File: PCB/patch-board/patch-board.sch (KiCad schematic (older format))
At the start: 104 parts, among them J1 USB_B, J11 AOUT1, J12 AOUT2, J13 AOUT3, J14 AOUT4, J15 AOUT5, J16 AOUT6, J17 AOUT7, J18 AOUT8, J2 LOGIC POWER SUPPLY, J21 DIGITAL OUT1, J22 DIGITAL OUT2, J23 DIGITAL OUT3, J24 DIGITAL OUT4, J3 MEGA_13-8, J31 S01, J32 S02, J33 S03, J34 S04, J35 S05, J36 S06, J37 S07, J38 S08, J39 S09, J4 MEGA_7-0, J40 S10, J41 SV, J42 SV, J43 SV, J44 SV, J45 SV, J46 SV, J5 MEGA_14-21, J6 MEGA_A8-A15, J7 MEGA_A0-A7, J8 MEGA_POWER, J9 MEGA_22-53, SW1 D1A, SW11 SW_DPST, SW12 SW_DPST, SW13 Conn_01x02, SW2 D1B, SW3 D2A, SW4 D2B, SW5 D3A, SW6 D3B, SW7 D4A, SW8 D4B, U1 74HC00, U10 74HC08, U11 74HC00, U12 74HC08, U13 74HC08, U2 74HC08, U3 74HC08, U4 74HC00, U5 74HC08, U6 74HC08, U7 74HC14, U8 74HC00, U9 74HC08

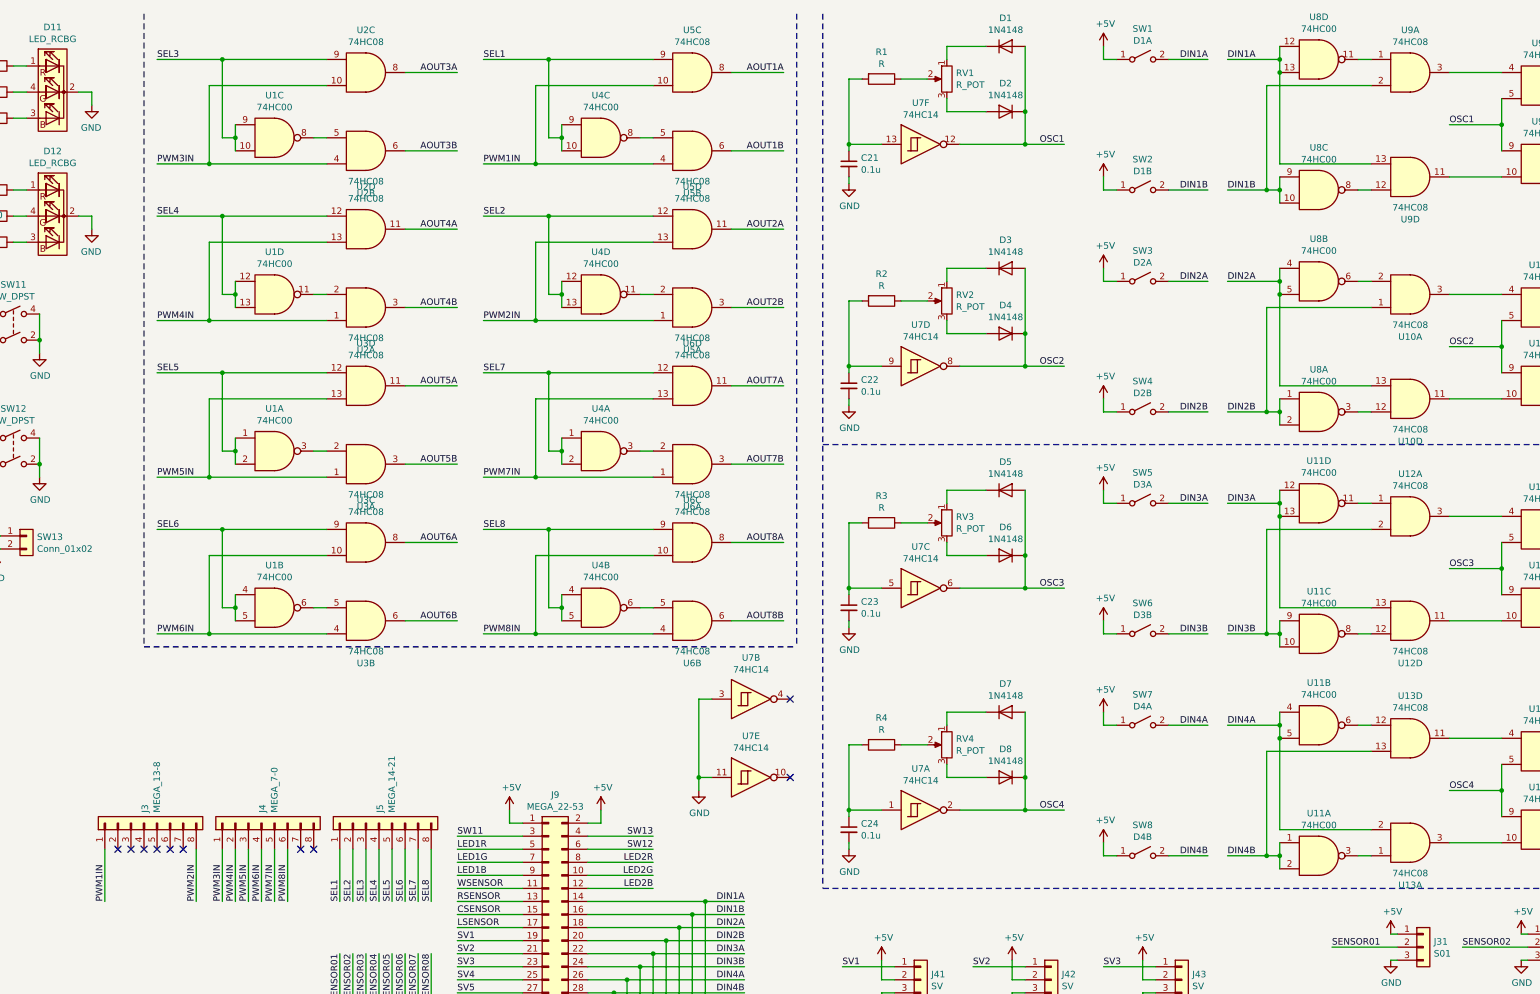
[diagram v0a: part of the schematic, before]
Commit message: D13 ピンの配線ミスを修正 AOUT5-8 のシルクミスを修正 U13 のユニット割り当てミスを修正
git-svn-id: https://shiro-home.ddns.net/svn/project/motor-driver/trunk@32 73406841-da20-4056-b287-c5b29fcc9b8e
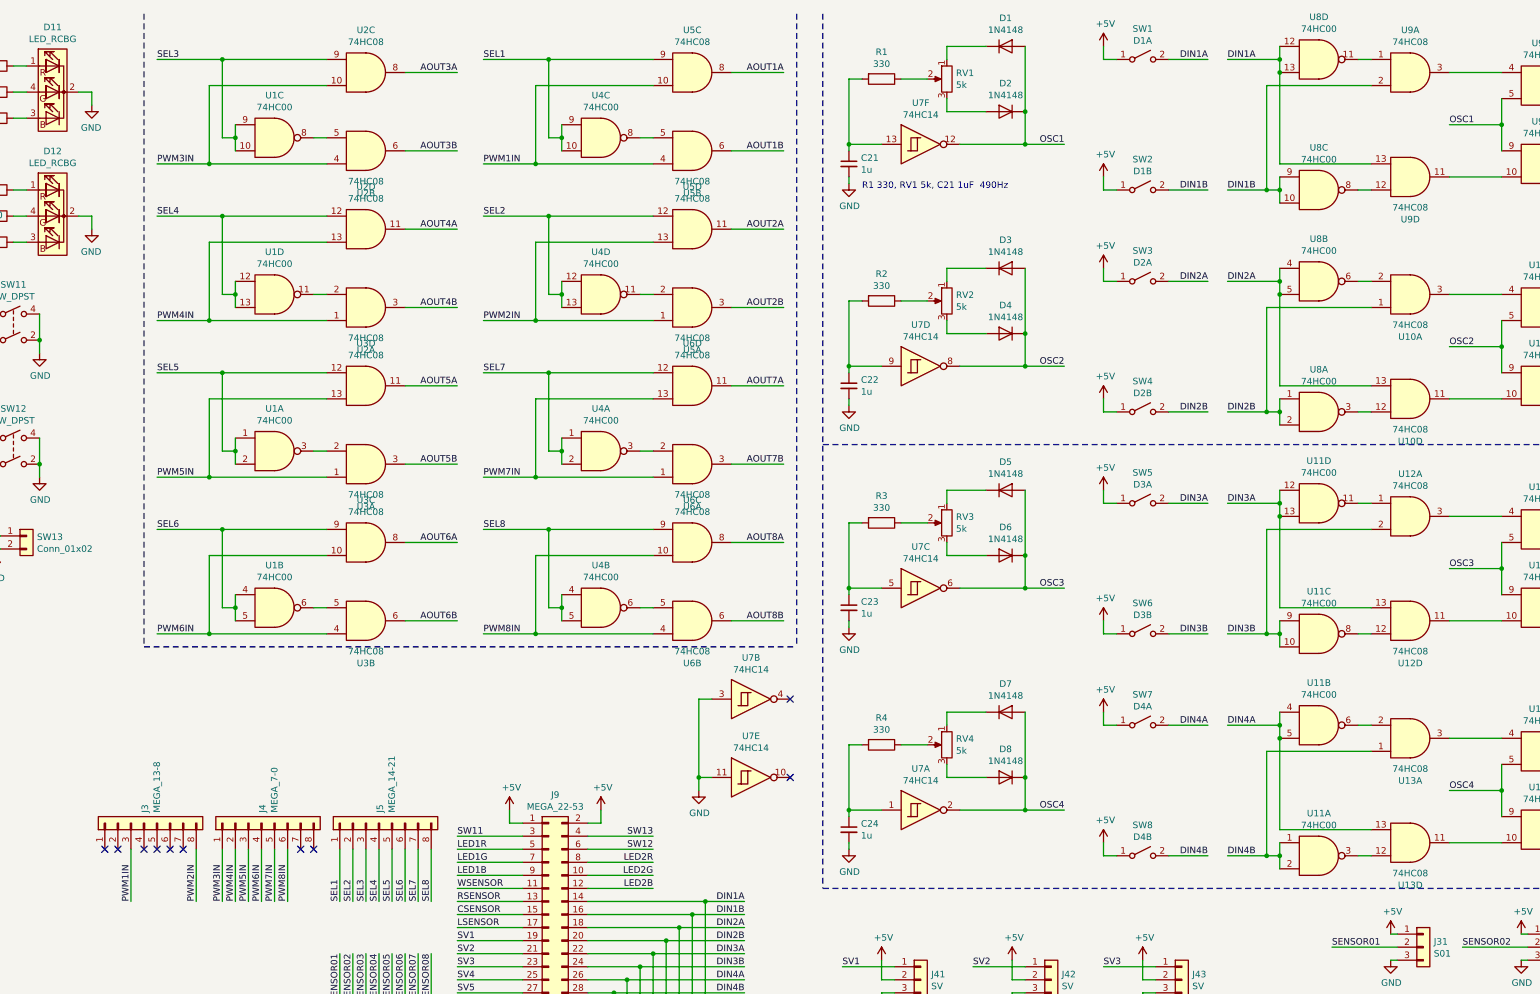
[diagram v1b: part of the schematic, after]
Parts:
- C21, C22, C23, C24: value 0.1u -> 1u
- R1, R2, R3, R4: value R -> 330
- RV1, RV2, RV3, RV4: value R_POT -> 5k
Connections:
- net DIN4A: now also U13.13; no longer U13.2
- net DIN4B: now also U13.1; no longer U13.13
- net PWM1IN: now also J3.3 (Pin_3); no longer J3.1 (Pin_1)
- net at U13.4: now also U13.3; no longer U13.11
- net at U11.3: now also U13.12; no longer U13.1
- net at U13.10: now also U13.11; no longer U13.3
- net at U11.6: now also U13.2; no longer U13.12
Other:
- note added: "R1 330, RV1 5k, C21 1uF 490Hz"
- moved on the sheet: U13A, U13D
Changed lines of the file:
@@
 P 8250 1100
 F 0 "R1" V 8043 1100 50  0000 C CNN
-F 1 "R" V 8134 1100 50  0000 C CNN
+F 1 "330" V 8134 1100 50  0000 C CNN
 F 2 "Resistor_THT:R_Axial_DIN0207_L6.3mm_D2.5mm_P10.16mm_Horizontal" V 8180 1100 50  0001 C CNN
 F 3 "~" H 8250 1100 50  0001 C CNN
@@
 P 8750 1100
 F 0 "RV1" H 8680 1146 50  0000 R CNN
-F 1 "R_POT" H 8680 1055 50  0000 R CNN
+F 1 "5k" H 8680 1055 50  0000 R CNN
 F 2 "MyLib:GF063P1" H 8750 1100 50  0001 C CNN
 F 3 "~" H 8750 1100 50  0001 C CNN
@@
 P 8250 2800
 F 0 "R2" V 8043 2800 50  0000 C CNN
-F 1 "R" V 8134 2800 50  0000 C CNN
+F 1 "330" V 8134 2800 50  0000 C CNN
 F 2 "Resistor_THT:R_Axial_DIN0207_L6.3mm_D2.5mm_P10.16mm_Horizontal" V 8180 2800 50  0001 C CNN
 F 3 "~" H 8250 2800 50  0001 C CNN
@@
 P 8750 2800
 F 0 "RV2" H 8680 2846 50  0000 R CNN
-F 1 "R_POT" H 8680 2755 50  0000 R CNN
+F 1 "5k" H 8680 2755 50  0000 R CNN
 F 2 "MyLib:GF063P1" H 8750 2800 50  0001 C CNN
 F 3 "~" H 8750 2800 50  0001 C CNN
@@
 P 8250 4500
 F 0 "R3" V 8043 4500 50  0000 C CNN
-F 1 "R" V 8134 4500 50  0000 C CNN
+F 1 "330" V 8134 4500 50  0000 C CNN
 F 2 "Resistor_THT:R_Axial_DIN0207_L6.3mm_D2.5mm_P10.16mm_Horizontal" V 8180 4500 50  0001 C CNN
 F 3 "~" H 8250 4500 50  0001 C CNN
@@
 P 8750 4500
 F 0 "RV3" H 8680 4546 50  0000 R CNN
-F 1 "R_POT" H 8680 4455 50  0000 R CNN
+F 1 "5k" H 8680 4455 50  0000 R CNN
 F 2 "MyLib:GF063P1" H 8750 4500 50  0001 C CNN
 F 3 "~" H 8750 4500 50  0001 C CNN
@@
 P 8250 6200
 F 0 "R4" V 8043 6200 50  0000 C CNN
-F 1 "R" V 8134 6200 50  0000 C CNN
+F 1 "330" V 8134 6200 50  0000 C CNN
 F 2 "Resistor_THT:R_Axial_DIN0207_L6.3mm_D2.5mm_P10.16mm_Horizontal" V 8180 6200 50  0001 C CNN
 F 3 "~" H 8250 6200 50  0001 C CNN
@@
 P 8750 6200
 F 0 "RV4" H 8680 6246 50  0000 R CNN
-F 1 "R_POT" H 8680 6155 50  0000 R CNN
+F 1 "5k" H 8680 6155 50  0000 R CNN
 F 2 "MyLib:GF063P1" H 8750 6200 50  0001 C CNN
 F 3 "~" H 8750 6200 50  0001 C CNN
@@
 Wire Wire Line
 	4200 7000 4200 7400
-Text Label 2300 7400 1    50   ~ 0
+Text Label 2500 7400 1    50   ~ 0
 PWM1IN
 Wire Wire Line
@@
 $EndComp
 Wire Wire Line
-	2300 7000 2300 7400
+	2500 7000 2500 7400
 Text Label 4500 7400 1    50   ~ 0
 SEL5
@@
 $EndComp
 NoConn ~ 2400 7000
-NoConn ~ 2500 7000
+NoConn ~ 2300 7000
 NoConn ~ 2600 7000
 NoConn ~ 2700 7000
@@
 P 8000 1750
 F 0 "C21" H 8092 1796 50  0000 L CNN
-F 1 "0.1u" H 8092 1705 50  0000 L CNN
+F 1 "1u" H 8092 1705 50  0000 L CNN
 F 2 "Capacitor_THT:C_Disc_D3.4mm_W2.1mm_P2.50mm" H 8000 1750 50  0001 C CNN
 F 3 "~" H 8000 1750 50  0001 C CNN
@@
 P 8000 3450
 F 0 "C22" H 8092 3496 50  0000 L CNN
-F 1 "0.1u" H 8092 3405 50  0000 L CNN
+F 1 "1u" H 8092 3405 50  0000 L CNN
 F 2 "Capacitor_THT:C_Disc_D3.4mm_W2.1mm_P2.50mm" H 8000 3450 50  0001 C CNN
 F 3 "~" H 8000 3450 50  0001 C CNN
@@
 P 8000 5150
 F 0 "C23" H 8092 5196 50  0000 L CNN
-F 1 "0.1u" H 8092 5105 50  0000 L CNN
+F 1 "1u" H 8092 5105 50  0000 L CNN
 F 2 "Capacitor_THT:C_Disc_D3.4mm_W2.1mm_P2.50mm" H 8000 5150 50  0001 C CNN
 F 3 "~" H 8000 5150 50  0001 C CNN
@@
 P 8000 6850
 F 0 "C24" H 8092 6896 50  0000 L CNN
-F 1 "0.1u" H 8092 6805 50  0000 L CNN
+F 1 "1u" H 8092 6805 50  0000 L CNN
 F 2 "Capacitor_THT:C_Disc_D3.4mm_W2.1mm_P2.50mm" H 8000 6850 50  0001 C CNN
 F 3 "~" H 8000 6850 50  0001 C CNN
@@
 L 74xx:74LS08 U13
 U 1 1 5F77F572
+P 12300 6150
+F 0 "U13" H 12300 6475 50  0000 C CNN
+F 1 "74HC08" H 12300 6384 50  0000 C CNN
+F 2 "Package_SO:SO-14_5.3x10.2mm_P1.27mm" H 12300 6150 50  0001 C CNN
+F 3 "https://assets.nexperia.com/documents/data-sheet/74HC_HCT04.pdf" H 12300 6150 50  0001 C CNN
+	1    12300 6150
+	1    0    0    1
+$EndComp
+$Comp
+L 74xx:74LS08 U13
+U 4 1 5F77F590
 P 12300 6950
 F 0 "U13" H 12300 7275 50  0000 C CNN
@@
 F 2 "Package_SO:SO-14_5.3x10.2mm_P1.27mm" H 12300 6950 50  0001 C CNN
 F 3 "https://assets.nexperia.com/documents/data-sheet/74HC_HCT04.pdf" H 12300 6950 50  0001 C CNN
-	1    12300 6950
+	4    12300 6950
 	1    0    0    1
 $EndComp
-$Comp
-L 74xx:74LS08 U13
-U 4 1 5F77F590
-P 12300 6150
-F 0 "U13" H 12300 6475 50  0000 C CNN
-F 1 "74HC08" H 12300 6384 50  0000 C CNN
-F 2 "Package_SO:SO-14_5.3x10.2mm_P1.27mm" H 12300 6150 50  0001 C CNN
-F 3 "https://assets.nexperia.com/documents/data-sheet/74HC_HCT04.pdf" H 12300 6150 50  0001 C CNN
-	4    12300 6150
-	1    0    0    -1
-$EndComp
 Wire Wire Line
 	4400 7800 4400 8300
@@
 	0    -1   1    0
 $EndComp
+Text Notes 8100 1950 0    50   ~ 0
+R1 330, RV1 5k, C21 1uF  490Hz
 $EndSCHEMATC
━━━━━━━━━━━━━━━━
_Task instructions_
Your task is to set down again, exactly, every line from the beginning of the listing through the line with "At the start: 104".

_Solution for this task_
File: PCB/patch-board/patch-board.sch (KiCad schematic (older format))
At the start: 104 parts, among them J1 USB_B, J11 AOUT1, J12 AOUT2, J13 AOUT3, J14 AOUT4, J15 AOUT5, J16 AOUT6, J17 AOUT7, J18 AOUT8, J2 LOGIC POWER SUPPLY, J21 DIGITAL OUT1, J22 DIGITAL OUT2, J23 DIGITAL OUT3, J24 DIGITAL OUT4, J3 MEGA_13-8, J31 S01, J32 S02, J33 S03, J34 S04, J35 S05, J36 S06, J37 S07, J38 S08, J39 S09, J4 MEGA_7-0, J40 S10, J41 SV, J42 SV, J43 SV, J44 SV, J45 SV, J46 SV, J5 MEGA_14-21, J6 MEGA_A8-A15, J7 MEGA_A0-A7, J8 MEGA_POWER, J9 MEGA_22-53, SW1 D1A, SW11 SW_DPST, SW12 SW_DPST, SW13 Conn_01x02, SW2 D1B, SW3 D2A, SW4 D2B, SW5 D3A, SW6 D3B, SW7 D4A, SW8 D4B, U1 74HC00, U10 74HC08, U11 74HC00, U12 74HC08, U13 74HC08, U2 74HC08, U3 74HC08, U4 74HC00, U5 74HC08, U6 74HC08, U7 74HC14, U8 74HC00, U9 74HC08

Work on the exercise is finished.